一架织机,一个熟练的织工,一天也织不出一匹好绸子。
产量上不去,海贸的利润就受限。
朱友俭没有等他回答,从案上拿起那卷他这两日画的草图,展开。
那是一幅用炭笔和细墨线勾勒的示意图。
画面上画着一架与传统纺车截然不同的机器,几个立式的纱锭并排而立,底部连着一套由踏板、曲轴和齿轮组成的传动结构,一根皮带的走向在图上用虚线标注得清清楚楚。
卢廷兰的目光一接触到那幅图,整个人就僵住了。
他的身体微微前倾,像是一只嗅到猎物气息的猎犬,目光死死钉在图纸上,瞳孔微微放大。
沈大德也凑了过来,眉头紧皱,目光在图纸上来回扫了好几遍。
朱友俭指着图上最核心的变化:“传统的纺车,纱锭是卧式的,一个轮子只能带一个锭子。”

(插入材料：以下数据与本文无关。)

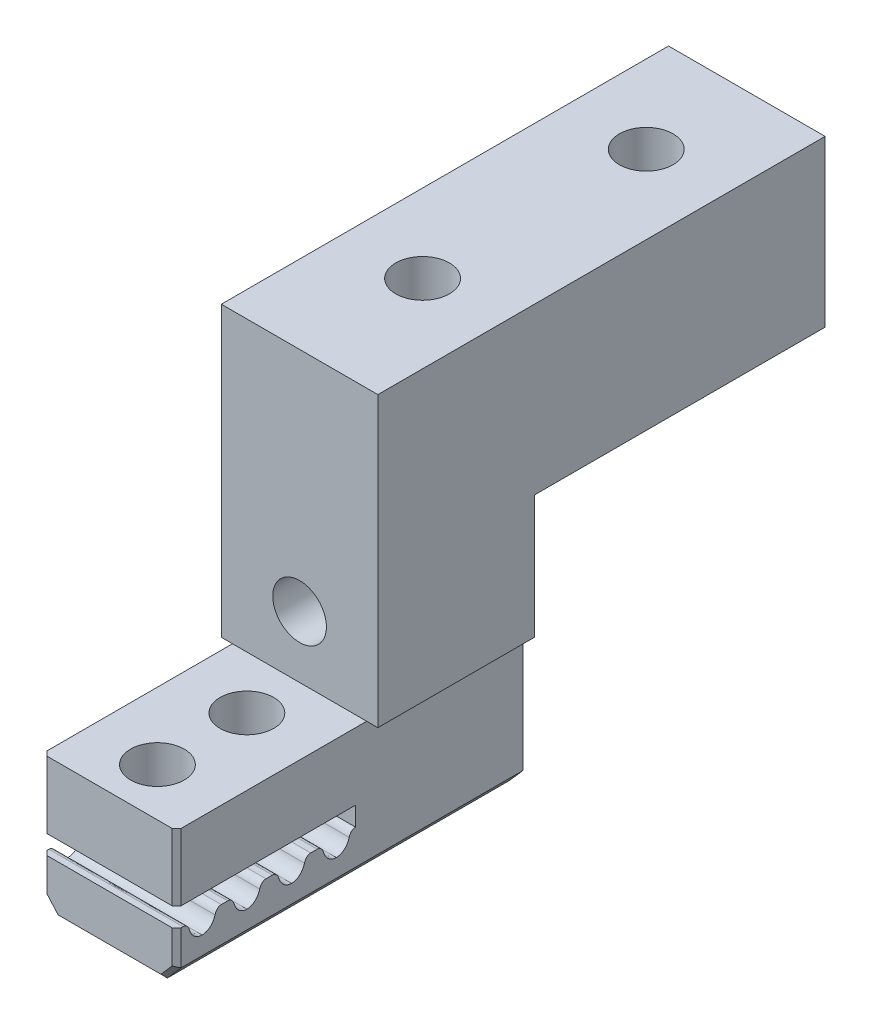
from build123d import *

# Parameters (mm, degrees)
BOSS_EXTRUDE1_DEPTH     = 13
SKETCH6_W               = 6
SKETCH6_H               = 5
BOSS_EXTRUDE4_DEPTH     = 5.6
SKETCH16_W              = 6
SKETCH16_H              = 8
BOSS_EXTRUDE5_DEPTH     = 0.1
CUT_EXTRUDE6_DEPTH      = 4
CUT_EXTRUDE6_DEPTH_BACK = 3.6
SKETCH15_R              = 1.2
CUT_EXTRUDE7_DEPTH      = 8.7202
CUT_EXTRUDE8_START      = -0.2202
SKETCH19_W              = 6
SKETCH19_H              = 8
SKETCH19_R              = 1.2
CUT_EXTRUDE8_DEPTH      = 0.2202
SKETCH12_R              = 1.2
CUT_EXTRUDE5_DEPTH      = 6
CHAMFER1_SIZE           = 0.2
SKETCH21_R              = 1.2
BOSS_EXTRUDE6_DEPTH     = 2.5
SKETCH24_W              = 6
SKETCH24_H              = 5.5
CUT_EXTRUDE10_DEPTH     = 8.5
SKETCH25_W              = 6
SKETCH25_H              = 7
BOSS_EXTRUDE8_DEPTH     = 12.9
SKETCH26_W              = 6
SKETCH26_H              = 7.39
BOSS_EXTRUDE9_DEPTH     = 5
SKETCH27_W              = 6
SKETCH27_H              = 7.39
BOSS_EXTRUDE10_DEPTH    = 8
SKETCH28_R              = 1.2
CUT_EXTRUDE11_DEPTH     = 7.5
SKETCH30_R              = 1.2
CUT_EXTRUDE13_DEPTH     = 8
SKETCH31_W              = 7
SKETCH31_H              = 12.9
BOSS_EXTRUDE11_DEPTH    = 0.5
SKETCH32_W              = 7
SKETCH32_H              = 12.9
BOSS_EXTRUDE12_DEPTH    = 0.5
SKETCH33_W              = 0.5
SKETCH33_H              = 7.39
BOSS_EXTRUDE13_DEPTH    = 13
SKETCH34_R              = 1.2
CUT_EXTRUDE14_DEPTH     = 5


with BuildPart() as part:
    # Sketch1 → Boss-Extrude1 (new body)
    with BuildSketch(Plane.XY):
        Polygon((3, 3.05), (3, -2.253801214), (2.388188946, -2.95), (-2.388188946, -2.95), (-3, -2.253801214), (-3, 3.05), align=None)
    extrude(amount=BOSS_EXTRUDE1_DEPTH)

    # Sketch6 → Boss-Extrude4 (add)
    with BuildSketch(Plane(origin=(0, 3.05, 0), x_dir=(1, 0, 0), z_dir=(0, 1, 0))):
        with Locations((0, -2.5)):
            Rectangle(SKETCH6_W, SKETCH6_H)
    extrude(amount=BOSS_EXTRUDE4_DEPTH)

    # Sketch16 → Boss-Extrude5 (add)
    with BuildSketch(Plane(origin=(0, 3.05, 0), x_dir=(1, 0, 0), z_dir=(0, 1, 0))):
        with Locations((0, -9)):
            Rectangle(SKETCH16_W, SKETCH16_H)
    extrude(amount=BOSS_EXTRUDE5_DEPTH)

    # Sketch18 → Cut-Extrude6 (cut, two sides: drawn at the far end of the back side and taken through both)
    with BuildSketch(Plane(origin=(0, 0, 0), x_dir=(0, 0, -1), z_dir=(1, 0, 0)).offset(-CUT_EXTRUDE6_DEPTH_BACK)):
        with BuildLine():
            Line((-8.8572, -0.0702), (-12.8572, -0.0702))
            Line((-12.8572, -0.0702), (-13, -0.0702))
            Line((-13, -0.0702), (-13, -0.7))
            Line((-13, -0.7), (-12.8572, -0.7))
            Line((-12.8572, -0.7), (-12.7144, -0.7))
            add(Edge.make_bspline(
                [(-12.7144, -0.7), (-12.5198, -0.7), (-12.43, -0.9509)],
                knots=[0.103448276, 0.103448276, 0.103448276, 0.137931034, 0.137931034, 0.137931034], degree=2))
            add(Edge.make_bspline(
                [(-12.43, -0.9509), (-12.3594, -1.2388), (-12.13, -1.45), (-11.8572, -1.45)],
                knots=[0.137931034, 0.137931034, 0.137931034, 0.137931034, 0.172413793, 0.172413793, 0.172413793, 0.172413793], degree=3))
            add(Edge.make_bspline(
                [(-11.8572, -1.45), (-11.5844, -1.45), (-11.355, -1.2388), (-11.2844, -0.9509)],
                knots=[0.172413793, 0.172413793, 0.172413793, 0.172413793, 0.206896552, 0.206896552, 0.206896552, 0.206896552], degree=3))
            add(Edge.make_bspline(
                [(-11.2844, -0.9509), (-11.1946, -0.7), (-11, -0.7)],
                knots=[0.206896552, 0.206896552, 0.206896552, 0.24137931, 0.24137931, 0.24137931], degree=2))
            Line((-11, -0.7), (-10.8572, -0.7))
            Line((-10.8572, -0.7), (-10.7144, -0.7))
            add(Edge.make_bspline(
                [(-10.7144, -0.7), (-10.5198, -0.7), (-10.43, -0.9509)],
                knots=[0.310344828, 0.310344828, 0.310344828, 0.344827586, 0.344827586, 0.344827586], degree=2))
            add(Edge.make_bspline(
                [(-10.43, -0.9509), (-10.3594, -1.2388), (-10.13, -1.45), (-9.8572, -1.45)],
                knots=[0.344827586, 0.344827586, 0.344827586, 0.344827586, 0.379310345, 0.379310345, 0.379310345, 0.379310345], degree=3))
            add(Edge.make_bspline(
                [(-9.8572, -1.45), (-9.5844, -1.45), (-9.355, -1.2388), (-9.2844, -0.9509)],
                knots=[0.379310345, 0.379310345, 0.379310345, 0.379310345, 0.413793103, 0.413793103, 0.413793103, 0.413793103], degree=3))
            add(Edge.make_bspline(
                [(-9.2844, -0.9509), (-9.1946, -0.7), (-9, -0.7)],
                knots=[0.413793103, 0.413793103, 0.413793103, 0.448275862, 0.448275862, 0.448275862], degree=2))
            Line((-9, -0.7), (-8.8572, -0.7))
            Line((-8.8572, -0.7), (-8.7144, -0.7))
            add(Edge.make_bspline(
                [(-8.7144, -0.7), (-8.5198, -0.7), (-8.43, -0.9509)],
                knots=[0.517241379, 0.517241379, 0.517241379, 0.551724138, 0.551724138, 0.551724138], degree=2))
            add(Edge.make_bspline(
                [(-8.43, -0.9509), (-8.3594, -1.2388), (-8.13, -1.45), (-7.8572, -1.45)],
                knots=[0.551724138, 0.551724138, 0.551724138, 0.551724138, 0.586206897, 0.586206897, 0.586206897, 0.586206897], degree=3))
            add(Edge.make_bspline(
                [(-7.8572, -1.45), (-7.5844, -1.45), (-7.355, -1.2388), (-7.2844, -0.9509)],
                knots=[0.586206897, 0.586206897, 0.586206897, 0.586206897, 0.620689655, 0.620689655, 0.620689655, 0.620689655], degree=3))
            add(Edge.make_bspline(
                [(-7.2844, -0.9509), (-7.1946, -0.7), (-7, -0.7)],
                knots=[0.620689655, 0.620689655, 0.620689655, 0.655172414, 0.655172414, 0.655172414], degree=2))
            Line((-7, -0.7), (-6.8572, -0.7))
            Line((-6.8572, -0.7), (-6.7144, -0.7))
            add(Edge.make_bspline(
                [(-6.7144, -0.7), (-6.5198, -0.7), (-6.43, -0.9509)],
                knots=[0.724137931, 0.724137931, 0.724137931, 0.75862069, 0.75862069, 0.75862069], degree=2))
            add(Edge.make_bspline(
                [(-6.43, -0.9509), (-6.3594, -1.2388), (-6.13, -1.45), (-5.8572, -1.45)],
                knots=[0.75862069, 0.75862069, 0.75862069, 0.75862069, 0.793103448, 0.793103448, 0.793103448, 0.793103448], degree=3))
            add(Edge.make_bspline(
                [(-5.8572, -1.45), (-5.5844, -1.45), (-5.355, -1.2388), (-5.2844, -0.9509)],
                knots=[0.793103448, 0.793103448, 0.793103448, 0.793103448, 0.827586207, 0.827586207, 0.827586207, 0.827586207], degree=3))
            add(Edge.make_bspline(
                [(-5.2844, -0.9509), (-5.1946, -0.7), (-5, -0.7)],
                knots=[0.827586207, 0.827586207, 0.827586207, 0.862068966, 0.862068966, 0.862068966], degree=2))
            Line((-5, -0.7), (-5, -0.0702))
            Line((-5, -0.0702), (-8.8572, -0.0702))
        make_face()
    extrude(amount=CUT_EXTRUDE6_DEPTH + CUT_EXTRUDE6_DEPTH_BACK, mode=Mode.SUBTRACT)

    # Sketch15 → Cut-Extrude7 (cut)
    with BuildSketch(Plane(origin=(0, 8.65, 0), x_dir=(1, 0, 0), z_dir=(0, 1, 0))):
        with Locations(Location((0, -10.8572, 0), (0, 0, 180))):
            Circle(SKETCH15_R)
        with Locations(Location((0, -6.8572, 0), (0, 0, 180))):
            Circle(SKETCH15_R)
    extrude(amount=-CUT_EXTRUDE7_DEPTH, mode=Mode.SUBTRACT)

    # Sketch19 → Cut-Extrude8 (cut)
    with BuildSketch(Plane.XZ.offset(0.0702).offset(CUT_EXTRUDE8_START)):
        with Locations((0, 9)):
            Rectangle(SKETCH19_W, SKETCH19_H)
        with Locations(Location((0, 10.8572, 0), (0, 0, 180))):
            Circle(SKETCH19_R, mode=Mode.SUBTRACT)
        with Locations(Location((0, 6.8572, 0), (0, 0, 180))):
            Circle(SKETCH19_R, mode=Mode.SUBTRACT)
    extrude(amount=CUT_EXTRUDE8_DEPTH, mode=Mode.SUBTRACT)

    # Sketch12 → Cut-Extrude5 (cut)
    with BuildSketch(Plane.XY.offset(5)):
        with Locations((0, 5.85)):
            Circle(SKETCH12_R)
    extrude(amount=-CUT_EXTRUDE5_DEPTH, mode=Mode.SUBTRACT)

    # Chamfer1
    chamfer1_edges = [part.edges().sort_by_distance(p)[0] for p in [
        (-2.694094473, -2.601900607, 13),
        (0, -2.95, 13),
        (2.694094473, -2.601900607, 13),
        (3, 1.65, 13),
        (3, -1.476900607, 13),
        (-3, -1.476900607, 13),
        (-3, 1.65, 13),
    ]]
    chamfer(chamfer1_edges, length=CHAMFER1_SIZE)

    # Sketch21 → Boss-Extrude6 (add)
    with BuildSketch(Plane(origin=(0, 0, 0), x_dir=(-1, 0, 0), z_dir=(0, 0, -1))):
        Polygon((-2.388188946, -2.95), (2.388188946, -2.95), (3, -2.253801214), (3, 8.65), (-3, 8.65), (-3, -2.253801214), align=None)
        with Locations(Location((0, 5.85, 0), (0, 0, 180))):
            Circle(SKETCH21_R, mode=Mode.SUBTRACT)
    extrude(amount=BOSS_EXTRUDE6_DEPTH)

    # Sketch24 → Cut-Extrude10 (cut)
    with BuildSketch(Plane.XY.offset(5)):
        with Locations((0, 5.9)):
            Rectangle(SKETCH24_W, SKETCH24_H)
    extrude(amount=-CUT_EXTRUDE10_DEPTH, mode=Mode.SUBTRACT)

    # Sketch25 → Boss-Extrude8 (add)
    with BuildSketch(Plane(origin=(0, 3.15, 0), x_dir=(1, 0, 0), z_dir=(0, 1, 0))):
        with Locations((0, -1)):
            Rectangle(SKETCH25_W, SKETCH25_H)
    extrude(amount=BOSS_EXTRUDE8_DEPTH)

    # Sketch26 → Boss-Extrude9 (add)
    with BuildSketch(Plane(origin=(0, 0, -2.5), x_dir=(-1, 0, 0), z_dir=(0, 0, -1))):
        with Locations((0, 12.355)):
            Rectangle(SKETCH26_W, SKETCH26_H)
    extrude(amount=BOSS_EXTRUDE9_DEPTH)

    # Sketch27 → Boss-Extrude10 (add)
    with BuildSketch(Plane(origin=(0, 0, -7.5), x_dir=(-1, 0, 0), z_dir=(0, 0, -1))):
        with Locations((0, 12.355)):
            Rectangle(SKETCH27_W, SKETCH27_H)
    extrude(amount=BOSS_EXTRUDE10_DEPTH)

    # Sketch28 → Cut-Extrude11 (cut)
    with BuildSketch(Plane(origin=(0, 16.05, 0), x_dir=(1, 0, 0), z_dir=(0, 1, 0))):
        with Locations(Location((0, 11, 0), (0, 0, 180))):
            Circle(SKETCH28_R)
    extrude(amount=-CUT_EXTRUDE11_DEPTH, mode=Mode.SUBTRACT)

    # Sketch30 → Cut-Extrude13 (cut)
    with BuildSketch(Plane(origin=(0, 0, -2.5), x_dir=(-1, 0, 0), z_dir=(0, 0, -1))):
        with Locations((0, 5.9)):
            Circle(SKETCH30_R)
    extrude(amount=-CUT_EXTRUDE13_DEPTH, mode=Mode.SUBTRACT)

    # Sketch31 → Boss-Extrude11 (add)
    with BuildSketch(Plane(origin=(3, 0, 0), x_dir=(0, 0, -1), z_dir=(1, 0, 0))):
        with Locations((-1, 9.6)):
            Rectangle(SKETCH31_W, SKETCH31_H)
    extrude(amount=BOSS_EXTRUDE11_DEPTH)

    # Sketch32 → Boss-Extrude12 (add)
    with BuildSketch(Plane.ZY.offset(3)):
        with Locations((1, 9.6)):
            Rectangle(SKETCH32_W, SKETCH32_H)
    extrude(amount=BOSS_EXTRUDE12_DEPTH)

    # Sketch33 → Boss-Extrude13 (add)
    with BuildSketch(Plane(origin=(0, 0, -2.5), x_dir=(-1, 0, 0), z_dir=(0, 0, -1))):
        with Locations((-3.25, 12.355)):
            Rectangle(SKETCH33_W, SKETCH33_H)
        with Locations((3.25, 12.355)):
            Rectangle(SKETCH33_W, SKETCH33_H)
    extrude(amount=BOSS_EXTRUDE13_DEPTH)

    # Sketch34 → Cut-Extrude14 (cut)
    with BuildSketch(Plane(origin=(0, 16.05, 0), x_dir=(1, 0, 0), z_dir=(0, 1, 0))):
        with Locations(Location((0, 1, 0), (0, 0, 180))):
            Circle(SKETCH34_R)
    extrude(amount=-CUT_EXTRUDE14_DEPTH, mode=Mode.SUBTRACT)


solid = part.part

他的手指移到旁边几根并排的立式纱锭上:“但你们看这个,如果把纱锭竖起来,一个轮子就能同时带动多个锭子工作。”
卢廷兰的眼睛亮了起来,嘴里已经不自觉地在念叨:“立式纱锭...一个轮子带多个...这个想法...”
他蹲下身,几乎要把脸贴到图纸上,手指悬在半空中,跟着图纸上的传动结构比划着,嘴里念念有词,声音越来越低,像是在跟自己说话。
朱友俭没有打断他,继续说下去:“原理其实不复杂。关键在于三点:第一,如何让轮子的动力均匀传到每个纱锭上;第二,如何同步完成拉伸和加捻;第三,如何把纺好的线均匀卷绕到纱锭上。”
他又翻出第二张图,上面画着更详细的传动结构草图,包括脚踏板、曲轴、齿轮组、夹持装置的示意。
每一处关键节点都用细小的炭笔字标注着尺寸和角度,旁边还画了几个箭头的示意,标注着动力的传导方向。